BEGIN

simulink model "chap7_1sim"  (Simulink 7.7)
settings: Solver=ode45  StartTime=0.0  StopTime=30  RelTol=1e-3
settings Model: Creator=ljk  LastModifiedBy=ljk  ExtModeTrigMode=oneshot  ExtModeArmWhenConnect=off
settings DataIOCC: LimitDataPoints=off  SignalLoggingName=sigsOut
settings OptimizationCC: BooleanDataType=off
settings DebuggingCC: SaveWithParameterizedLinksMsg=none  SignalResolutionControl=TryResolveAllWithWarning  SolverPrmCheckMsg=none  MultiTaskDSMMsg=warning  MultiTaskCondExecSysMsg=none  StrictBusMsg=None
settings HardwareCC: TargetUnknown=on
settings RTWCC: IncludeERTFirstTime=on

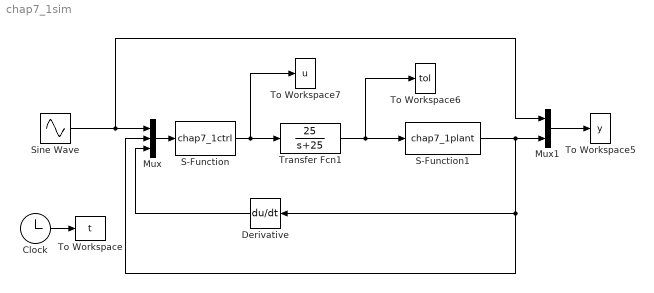
== system chap7_1sim ==
  Clock : Clock
  Derivative : Derivative
  Mux : Mux  Inputs=3
  Mux1 : Mux  Inputs=2
  S-Function : S-Function  FunctionName=chap7_1ctrl  EnableBusSupport=off
  S-Function1 : S-Function  FunctionName=chap7_1plant  EnableBusSupport=off
  Sine Wave : Sin  SampleTime=0
  To Workspace : ToWorkspace  VariableName=t  SampleTime=-1  SaveFormat=Array
  To Workspace5 : ToWorkspace  VariableName=y  SampleTime=-1  SaveFormat=Array
  To Workspace6 : ToWorkspace  VariableName=tol  SampleTime=-1  SaveFormat=Array
  To Workspace7 : ToWorkspace  VariableName=u  SampleTime=-1  SaveFormat=Array
  Transfer Fcn1 : TransferFcn  Numerator=[25]  Denominator=[1 25]
  wires:
  Mux/1 -> S-Function/1
  Derivative/1 -> Mux/3
  Sine Wave/1 -> Mux/1, Mux1/1
  Mux1/1 -> To Workspace5/1
  S-Function1/1 -> Derivative/1, Mux/2, Mux1/2
  S-Function/1 -> To Workspace7/1, Transfer Fcn1/1
  Clock/1 -> To Workspace/1
  Transfer Fcn1/1 -> S-Function1/1, To Workspace6/1
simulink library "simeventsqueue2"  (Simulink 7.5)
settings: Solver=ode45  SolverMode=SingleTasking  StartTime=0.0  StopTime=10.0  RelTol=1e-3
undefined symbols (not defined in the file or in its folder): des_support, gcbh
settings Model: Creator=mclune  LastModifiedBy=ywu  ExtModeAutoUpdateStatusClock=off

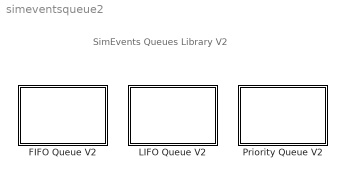
== system simeventsqueue2 ==
  note: SimEvents Queues Library V2
  FIFO Queue V2 : Subsystem  Priority=1  LoadFcn=des_support('desLoadFcn',gcbh)  StartFcn=des_support('desStartFcn',gcbh)  StopFcn=des_support('desStopFcn',gcbh)  mask(FIFO Queue V2){Capacity=25, EnableTOPort=off, StatNumberDeparted=Off, StatNumberInBlock=Off, StatPendingEntity=Off, StatAverageWait=Off, StatAverageQueueLength=Off, StatNumberTimedout=Off}
      mask prompts: EnableTOPort "Enable TO port for timed-out entities"; StatNumberDeparted "Number of entities departed, #d:"; StatNumberInBlock "Number of entities in queue, #n:"; StatPendingEntity "Status of pending entity departure, pe:"; StatAverageWait "Average wait, w:"; StatAverageQueueLength "Average queue length, len:"; StatNumberTimedout "Number of entities timed-out, #to:"
      mask help: Store entities in first-in-first-out sequence for an undetermined length of time. The Capacity parameter is the number of entities the queue can hold.
      mask init:
      | des_basicqueuemaskv2(gcb,'init','apply')
      settings: CopyFcn=des_support('desCopyFcn',gcbh)  DeleteFcn=des_support('desDeleteFcn',gcbh)  UndoDeleteFcn=des_support('desUndoDeleteFcn',gcbh)  ModelCloseFcn=des_support('desModelCloseFcn',gcbh)  PreSaveFcn=des_support('desPreSaveFcn',gcbh)  PostSaveFcn=des_support('desPostSaveFcn',gcbh)  NameChangeFcn=des_support('desNameChangeFcn',gcbh)  CloseFcn=des_support('desCloseFcn',gcbh)  ErrorFcn=des_error_redirect
      mask Help: helpview(simeventsbhelp)
      mask StyleString: edit,checkbox,popup(Off|On|Upon stop or pause),popup(Off|On|Upon stop or pause),popup(Off|On),popup(Off|On|Upon stop or pause),popup(Off|On|Upon stop or pause),popup(Off|On|Upon stop or pause)
      mask CallbackString: |des_basicqueuemaskv2(gcb,'cbEnableTOPort','noapply');|des_basicqueuemaskv2(gcb,'cbStatNumberDeparted','noapply');|des_basicqueuemaskv2(gcb,'cbStatNumberInBlock','noapply');||des_basicqueuemaskv2(gcb,'cbWait','noapply');|des_basicqueuemaskv2(gcb,'cbStatAverageQueueLength','noapply');|des_basicqueuemaskv2(gcb,'cbStatNumberTimedout','noapply');
      mask TabNameString: FIFO Queue,Timeout,Statistics,Statistics,Statistics,Statistics,Statistics,Statistics
      mask Display:
      | image(des_iconLoad('queueFIFO.jpg'),'center');
      | port_label('LConn',1,'IN');
      | port_label('RConn',1,'OUT');
  LIFO Queue V2 : Subsystem  Priority=1  LoadFcn=des_support('desLoadFcn',gcbh)  StartFcn=des_support('desStartFcn',gcbh)  StopFcn=des_support('desStopFcn',gcbh)  mask(LIFO Queue V2){Capacity=25, EnableTOPort=off, StatNumberDeparted=Off, StatNumberInBlock=Off, StatPendingEntity=Off, StatAverageWait=Off, StatAverageQueueLength=Off, StatNumberTimedout=Off}
      mask prompts: EnableTOPort "Enable TO port for timed-out entities"; StatNumberDeparted "Number of entities departed, #d:"; StatNumberInBlock "Number of entities in queue, #n:"; StatPendingEntity "Status of pending entity departure, pe:"; StatAverageWait "Average wait, w:"; StatAverageQueueLength "Average queue length, len:"; StatNumberTimedout "Number of entities timed-out, #to:"
      mask help: Store entities in last-in-first-out sequence for an undetermined length of time. The Capacity parameter is the number of entities the queue can hold.
      mask init:
      | des_lifoqueuemaskv2(gcb,'init','apply')
      settings: CopyFcn=des_support('desCopyFcn',gcbh)  DeleteFcn=des_support('desDeleteFcn',gcbh)  UndoDeleteFcn=des_support('desUndoDeleteFcn',gcbh)  ModelCloseFcn=des_support('desModelCloseFcn',gcbh)  PreSaveFcn=des_support('desPreSaveFcn',gcbh)  PostSaveFcn=des_support('desPostSaveFcn',gcbh)  NameChangeFcn=des_support('desNameChangeFcn',gcbh)  CloseFcn=des_support('desCloseFcn',gcbh)  ErrorFcn=des_error_redirect
      mask Help: helpview(simeventsbhelp)
      mask StyleString: edit,checkbox,popup(Off|On|Upon stop or pause),popup(Off|On|Upon stop or pause),popup(Off|On),popup(Off|On|Upon stop or pause),popup(Off|On|Upon stop or pause),popup(Off|On|Upon stop or pause)
      mask CallbackString: |des_lifoqueuemaskv2(gcb,'cbEnableTOPort','noapply');|des_lifoqueuemaskv2(gcb,'cbStatNumberDeparted','noapply');|des_lifoqueuemaskv2(gcb,'cbStatNumberInBlock','noapply');||des_lifoqueuemaskv2(gcb,'cbWait','noapply');|des_lifoqueuemaskv2(gcb,'cbStatAverageQueueLength','noapply');|des_lifoqueuemaskv2(gcb,'cbStatNumberTimedout','noapply');
      mask TabNameString: LIFO Queue,Timeout,Statistics,Statistics,Statistics,Statistics,Statistics,Statistics
      mask Display:
      | image(des_iconLoad('queueLIFO.jpg'),'center');
      | port_label('LConn',1,'IN');
      | port_label('RConn',1,'OUT');
  Priority Queue V2 : Subsystem  Priority=1  LoadFcn=des_support('desLoadFcn',gcbh)  StartFcn=des_support('desStartFcn',gcbh)  StopFcn=des_support('desStopFcn',gcbh)  mask(Priority Queue V2){Capacity=25, SortingAttributeName=PriorityAttributeName, SortingDirection=Ascending, EnableTOPort=off, StatNumberDeparted=Off, StatNumberInBlock=Off, StatPendingEntity=Off, StatAverageWait=Off, StatAverageQueueLength=Off, StatNumberTimedout=Off}
      mask prompts: SortingAttributeName "Sorting attribute name:"; SortingDirection "Sorting direction:"; EnableTOPort "Enable TO port for timed-out entities"; StatNumberDeparted "Number of entities departed, #d:"; StatNumberInBlock "Number of entities in queue, #n:"; StatPendingEntity "Status of pending entity departure, pe:"; StatAverageWait "Average wait time, w:"; StatAverageQueueLength "Average queue length, len:"; StatNumberTimedout "Number of entities timed-out:"
      mask help: Store entities in sorted sequence for an undetermined length of time. The Capacity parameter is the number of entities the queue can hold. The queue sorts entities according to the values of the specified attribute, in either ascending or descending order.
      mask init:
      | des_priorityqueuemaskv2(gcb,'init','apply')
      settings: CopyFcn=des_support('desCopyFcn',gcbh)  DeleteFcn=des_support('desDeleteFcn',gcbh)  UndoDeleteFcn=des_support('desUndoDeleteFcn',gcbh)  ModelCloseFcn=des_support('desModelCloseFcn',gcbh)  PreSaveFcn=des_support('desPreSaveFcn',gcbh)  PostSaveFcn=des_support('desPostSaveFcn',gcbh)  NameChangeFcn=des_support('desNameChangeFcn',gcbh)  CloseFcn=des_support('desCloseFcn',gcbh)  ErrorFcn=des_error_redirect
      mask Help: helpview(simeventsbhelp)
      mask StyleString: edit,edit,popup(Ascending|Descending),checkbox,popup(Off|On|Upon stop or pause),popup(Off|On|Upon stop or pause),popup(Off|On),popup(Off|On|Upon stop or pause),popup(Off|On|Upon stop or pause),popup(Off|On|Upon stop or pause)
      mask CallbackString: |||des_priorityqueuemaskv2(gcb,'cbEnableTOPort','noapply');|des_priorityqueuemaskv2(gcb,'cbStatNumberDeparted','noapply');|des_priorityqueuemaskv2(gcb,'cbStatNumberInBlock','noapply');||des_priorityqueuemaskv2(gcb,'cbWait','noapply');|des_priorityqueuemaskv2(gcb,'cbStatAverageQueueLength','noapply');|des_priorityqueuemaskv2(gcb,'cbStatNumberTimedout','noapply');
      mask TabNameString: Priority Queue,Priority Queue,Priority Queue,Timeout,Statistics,Statistics,Statistics,Statistics,Statistics,Statistics
      mask Display:
      | image(des_iconLoad('queuePriority.jpg'),'center');
      | port_label('LConn',1,'IN');
      | port_label('RConn',1,'OUT');

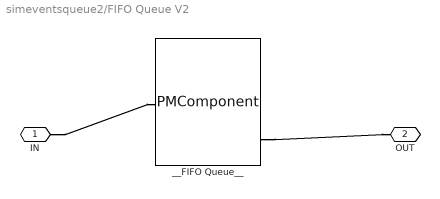
== system simeventsqueue2/FIFO Queue V2 ==
  __FIFO Queue__ : PMComponent  PhysicalDomain=simevents  SubClassName=DES_FIFOQUEUEV2  LeftPortType=desPortIn  RightPortType=desPortOut  LConnTagsString=DI  RConnTagsString=DO|DO|DO|DO|DO|DO|DO|DO
      mask Display:
      | port_label('LConn',1,'IN');
      | port_label('RConn',1,'#d');
      | port_label('RConn',2,'#n');
      | port_label('RConn',3,'pe');
      | port_label('RConn',4,'w');
      | port_label('RConn',5,'len');
      | port_label('RConn',6,'#to');
      | port_label('RConn',7,'OUT');
      | port_label('RConn',8,'TO');
  IN : PMIOPort  Port=1  Side=Left
  OUT : PMIOPort  Port=2  Side=Right
  connections:
  IN/RConn1 -- __FIFO Queue__/LConn1
  __FIFO Queue__/RConn7 -- OUT/RConn1

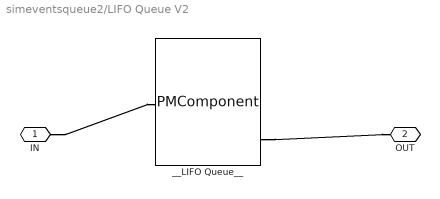
== system simeventsqueue2/LIFO Queue V2 ==
  __LIFO Queue__ : PMComponent  PhysicalDomain=simevents  SubClassName=DES_LIFOQUEUEV2  LeftPortType=desPortIn  RightPortType=desPortOut  LConnTagsString=DI  RConnTagsString=DO|DO|DO|DO|DO|DO|DO|DO
      mask Display:
      | port_label('LConn',1,'IN');
      | port_label('RConn',1,'#d');
      | port_label('RConn',2,'#n');
      | port_label('RConn',3,'pe');
      | port_label('RConn',4,'w');
      | port_label('RConn',5,'len');
      | port_label('RConn',6,'#to');
      | port_label('RConn',7,'OUT');
      | port_label('RConn',8,'TO');
  IN : PMIOPort  Port=1  Side=Left
  OUT : PMIOPort  Port=2  Side=Right
  connections:
  IN/RConn1 -- __LIFO Queue__/LConn1
  __LIFO Queue__/RConn7 -- OUT/RConn1

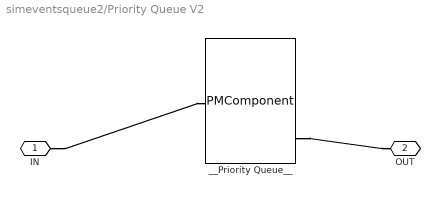
== system simeventsqueue2/Priority Queue V2 ==
  __Priority Queue__ : PMComponent  PhysicalDomain=simevents  SubClassName=DES_PRIORITYQUEUEV2  LeftPortType=desPortIn  RightPortType=desPortOut  LConnTagsString=DI  RConnTagsString=DO|DO|DO|DO|DO|DO|DO|DO
      mask Display:
      | port_label('LConn',1,'IN');
      | port_label('RConn',1,'#d');
      | port_label('RConn',2,'#n');
      | port_label('RConn',3,'pe');
      | port_label('RConn',4,'w');
      | port_label('RConn',5,'len');
      | port_label('RConn',6,'#to');
      | port_label('RConn',7,'OUT');
      | port_label('RConn',8,'TO');
  IN : PMIOPort  Port=1  Side=Left
  OUT : PMIOPort  Port=2  Side=Right
  connections:
  IN/RConn1 -- __Priority Queue__/LConn1
  __Priority Queue__/RConn7 -- OUT/RConn1

END

Quote, exactly and only, the lines from the first line of the data above through the line containing "Sine Wave : Sin". The pictures do not belong in it.

simulink model "chap7_1sim"  (Simulink 7.7)
settings: Solver=ode45  StartTime=0.0  StopTime=30  RelTol=1e-3
settings Model: Creator=ljk  LastModifiedBy=ljk  ExtModeTrigMode=oneshot  ExtModeArmWhenConnect=off
settings DataIOCC: LimitDataPoints=off  SignalLoggingName=sigsOut
settings OptimizationCC: BooleanDataType=off
settings DebuggingCC: SaveWithParameterizedLinksMsg=none  SignalResolutionControl=TryResolveAllWithWarning  SolverPrmCheckMsg=none  MultiTaskDSMMsg=warning  MultiTaskCondExecSysMsg=none  StrictBusMsg=None
settings HardwareCC: TargetUnknown=on
settings RTWCC: IncludeERTFirstTime=on

== system chap7_1sim ==
  Clock : Clock
  Derivative : Derivative
  Mux : Mux  Inputs=3
  Mux1 : Mux  Inputs=2
  S-Function : S-Function  FunctionName=chap7_1ctrl  EnableBusSupport=off
  S-Function1 : S-Function  FunctionName=chap7_1plant  EnableBusSupport=off
  Sine Wave : Sin  SampleTime=0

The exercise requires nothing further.